What that means is you can enjoy a high standard of living, both in terms of retirement income and high class healthcare, whereby the vast majority is funded not by higher taxes, nor by cuts in government spending on services, but instead by the miracle of compound interest. But Treasury doesn’t believe in miracles. It doesn’t have the imagination to see how you can get a high rate of return on your savings by tapping into the world’s equity markets and earning the high rates of productivity growth that are being achieved in other countries. It wants us all to be stuck in low productivity NZ and wants to make that problem worse.

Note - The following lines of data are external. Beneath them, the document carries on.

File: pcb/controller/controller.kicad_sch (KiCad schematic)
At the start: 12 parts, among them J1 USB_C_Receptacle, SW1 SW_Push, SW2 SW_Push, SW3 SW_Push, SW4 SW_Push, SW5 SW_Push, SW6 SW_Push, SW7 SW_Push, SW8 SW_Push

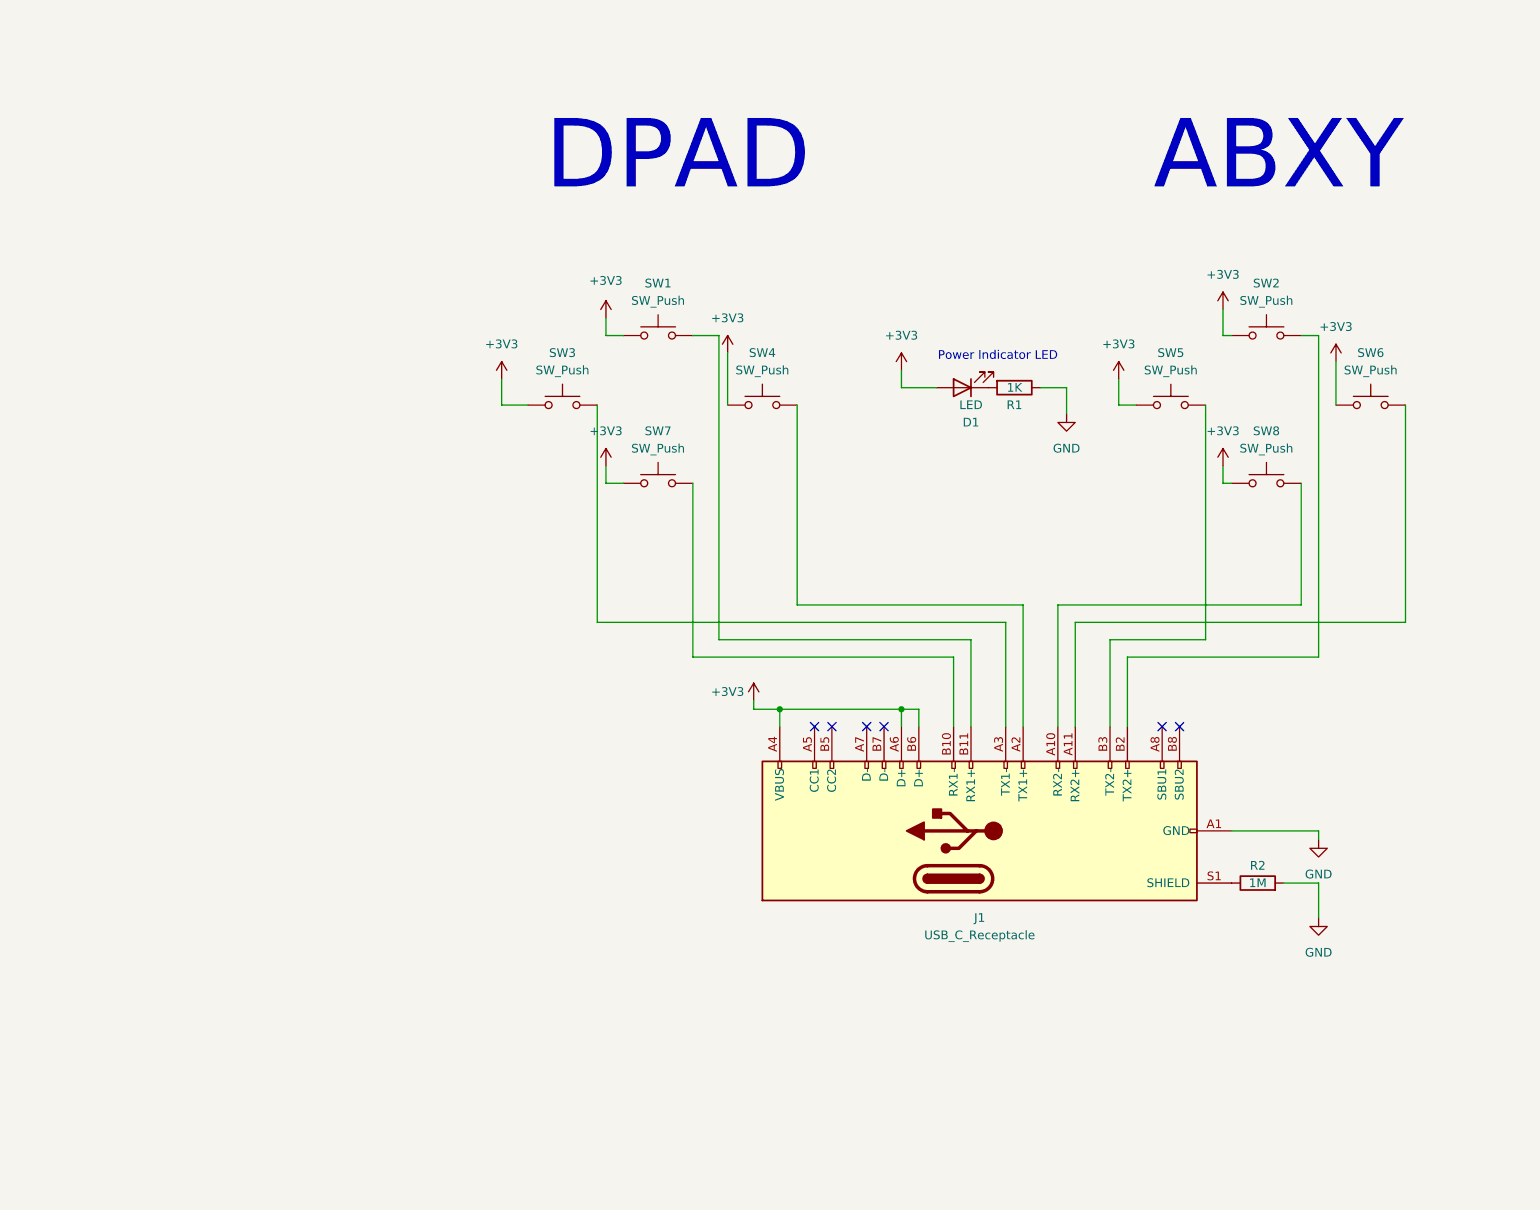
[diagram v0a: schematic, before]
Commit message: Controller rev 2
 - Using an attiny24 and I2C now to communicate between the mainboard and the controllers
   - Gets rid of the massive multiplexer on the mainboard, simplifies things
   - Attiny software will probably be written in arduino because I'm lazy
 - Swapped the connector for a cheaper one since we don't need all 24 pins, still using usb-c though
 - Button layout stays the same
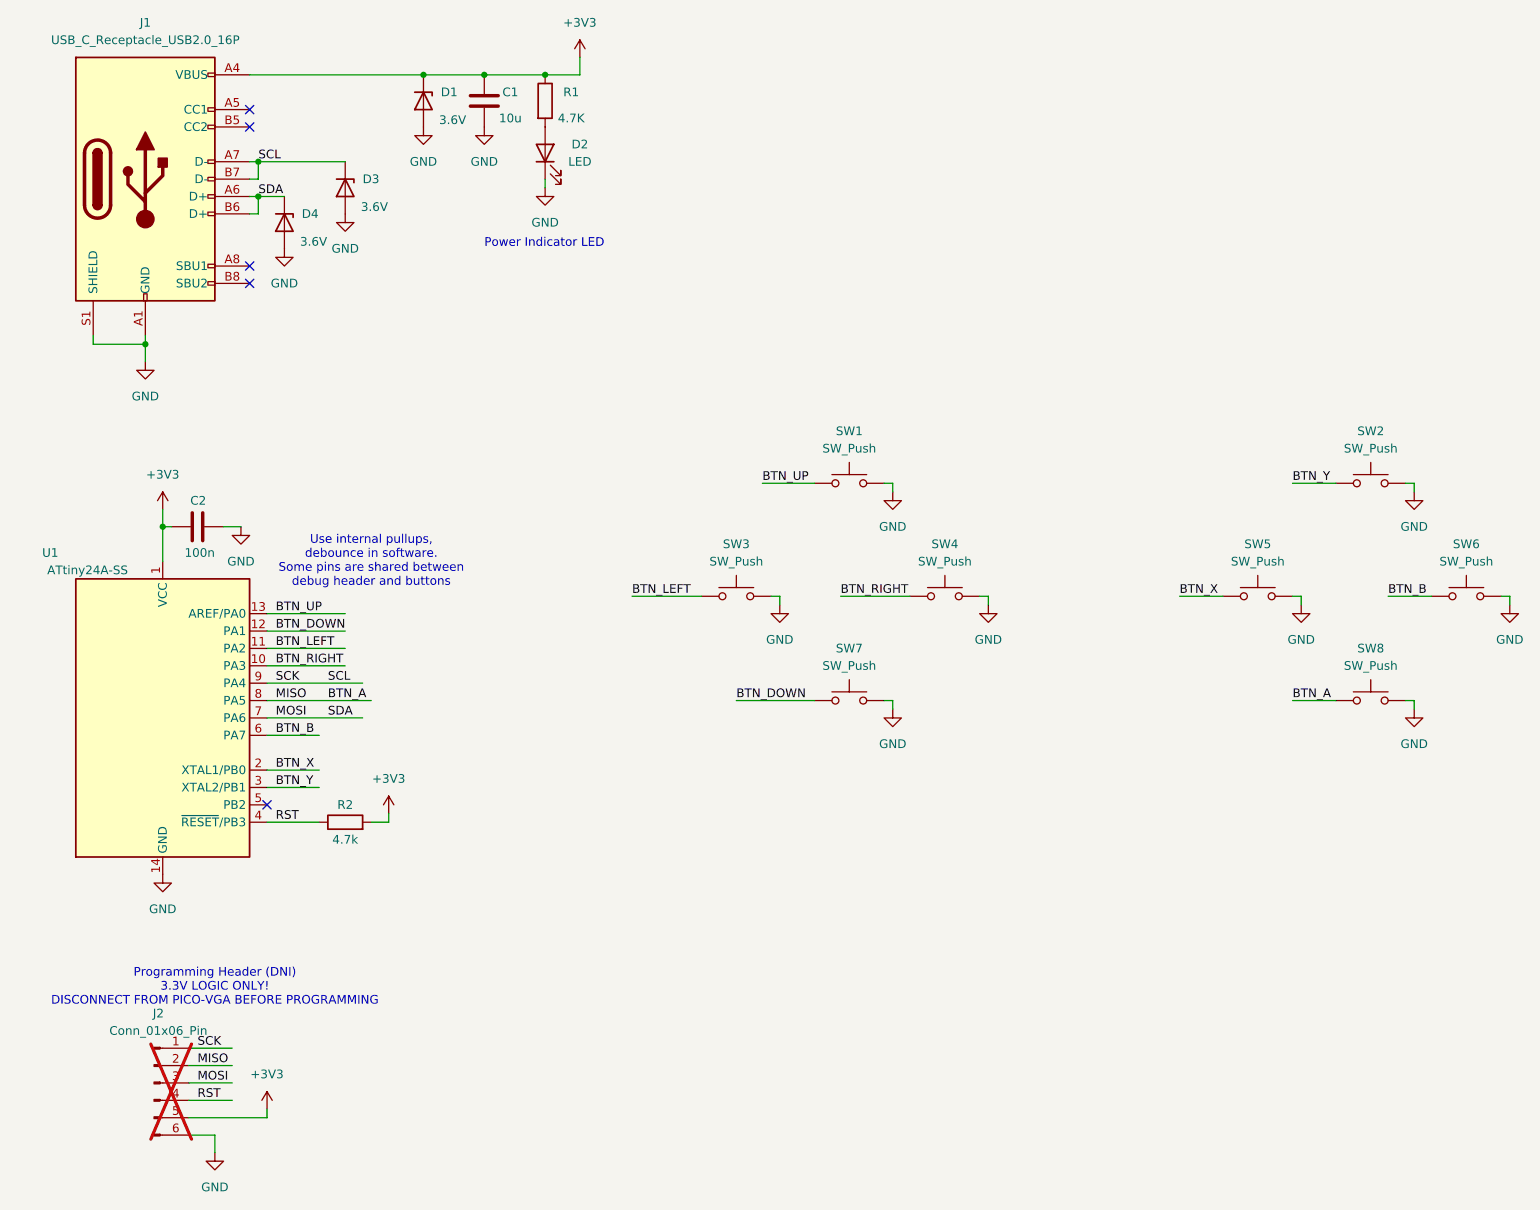
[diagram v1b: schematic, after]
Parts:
- removed D1: LED, LED_SMD:LED_0805_2012Metric_Pad1.15x1.40mm_HandSolder, symbol Device:LED
- removed J1: USB_C_Receptacle, controller:USB_C_Receptacle_Molex_2171830001, symbol Connector:USB_C_Receptacle
- added C1: 10u, Capacitor_SMD:C_0805_2012Metric_Pad1.18x1.45mm_HandSolder, symbol Device:C
- added C2: 100n, Capacitor_SMD:C_0805_2012Metric_Pad1.18x1.45mm_HandSolder, symbol Device:C
- added D1, D3, D4: 3.6V, Diode_SMD:D_SOD-123, symbol Device:D_Zener
- added D2: LED, LED_SMD:LED_0805_2012Metric_Pad1.15x1.40mm_HandSolder, symbol Device:LED
- added J1: USB_C_Receptacle_USB2.0_16P, controller:USB_C_Receptacle_Molex_2169900003, symbol Connector:USB_C_Receptacle_USB2.0_16P
- added J2: Conn_01x06_Pin, Connector_PinHeader_2.54mm:PinHeader_1x06_P2.54mm_Vertical, symbol Connector:Conn_01x06_Pin
- added U1: ATtiny24A-SS, Package_SO:SOIC-14_3.9x8.7mm_P1.27mm, symbol MCU_Microchip_ATtiny:ATtiny24A-SS
- R1: value 1K -> 4.7K; footprint Resistor_SMD:R_0603_1608Metric_Pad0.98x0.95mm_HandSolder -> Resistor_SMD:R_0805_2012Metric_Pad1.20x1.40mm_HandSolder
- R2: value 1M -> 4.7k; footprint Resistor_SMD:R_0603_1608Metric_Pad0.98x0.95mm_HandSolder -> Resistor_SMD:R_0805_2012Metric_Pad1.20x1.40mm_HandSolder
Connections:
- net +3V3: now also R1.1, R2.2, C1.2, C2.1, D1.1 (K), J1.A4 (VBUS), J1.A9 (VBUS), J1.B4 (VBUS), J1.B9 (VBUS), J2.5 (Pin_5), U1.1 (VCC); no longer SW1.1, SW2.1, SW3.1, SW4.1, SW5.1, SW6.1, SW7.1, SW8.1
- net GND: now also SW1.2, SW2.2, SW3.2, SW4.2, SW5.2, SW6.2, SW7.2, SW8.2, C1.1, C2.2, D1.2 (A), D2.1 (K), D3.2 (A), D4.2 (A), J1.A1 (GND), J1.A12 (GND), J1.B1 (GND), J1.B12 (GND), J1.S1 (SHIELD), J2.6 (Pin_6), U1.14 (GND); no longer R1.1, R2.2
- net at R1.2: now also D2.2 (A)
- net RST: now reaches R2.1
- net RST: now also J2.4 (Pin_4), U1.4 (~{RESET}/PB3)
- new net BTN_A: J2.2 (Pin_2), SW8.1, U1.8 (PA5)
- new net BTN_B: SW6.1, U1.6 (PA7)
- new net BTN_DOWN: SW7.1, U1.12 (PA1)
- new net BTN_LEFT: SW3.1, U1.11 (PA2)
- new net BTN_RIGHT: SW4.1, U1.10 (PA3)
- new net BTN_UP: SW1.1, U1.13 (AREF/PA0)
- new net BTN_X: SW5.1, U1.2 (XTAL1/PB0)
- new net BTN_Y: SW2.1, U1.3 (XTAL2/PB1)
- new net MOSI: D4.1 (K), J1.A6 (D+), J1.B6 (D+), J2.3 (Pin_3), U1.7 (PA6)
- new net SCK: D3.1 (K), J1.A7 (D-), J1.B7 (D-), J2.1 (Pin_1), U1.9 (PA4)
- no-connect marks 6 -> 5
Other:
- note added: "Programming Header (DNI) 3.3V LOGIC ONLY! DISCONNECT FROM PICO-VGA BEFORE PROGRAMMING"
- note added: "Use internal pullups, debounce in software. Some pins are shared between debug header and buttons"
- note removed: "ABXY"
- note removed: "DPAD"

Do Aussies get truck-loads of compound interest? The average balance for a person in its super savings scheme is now about $A 350,000 for retirees, or $A 700,000 for a couple – nearly 10 times the average balance NZers have in their KiwiSaver accounts. Compound interest is now driving the spending of Aussies in retirement. Not higher taxes. Nor cuts in public services. The NZ Treasury’s lack of imagination threatens our future. Its message of doom is based on incorrect economics. It is presenting NZers with fake options that both look awful, when other options exist that could create a stunningly bright future for this country.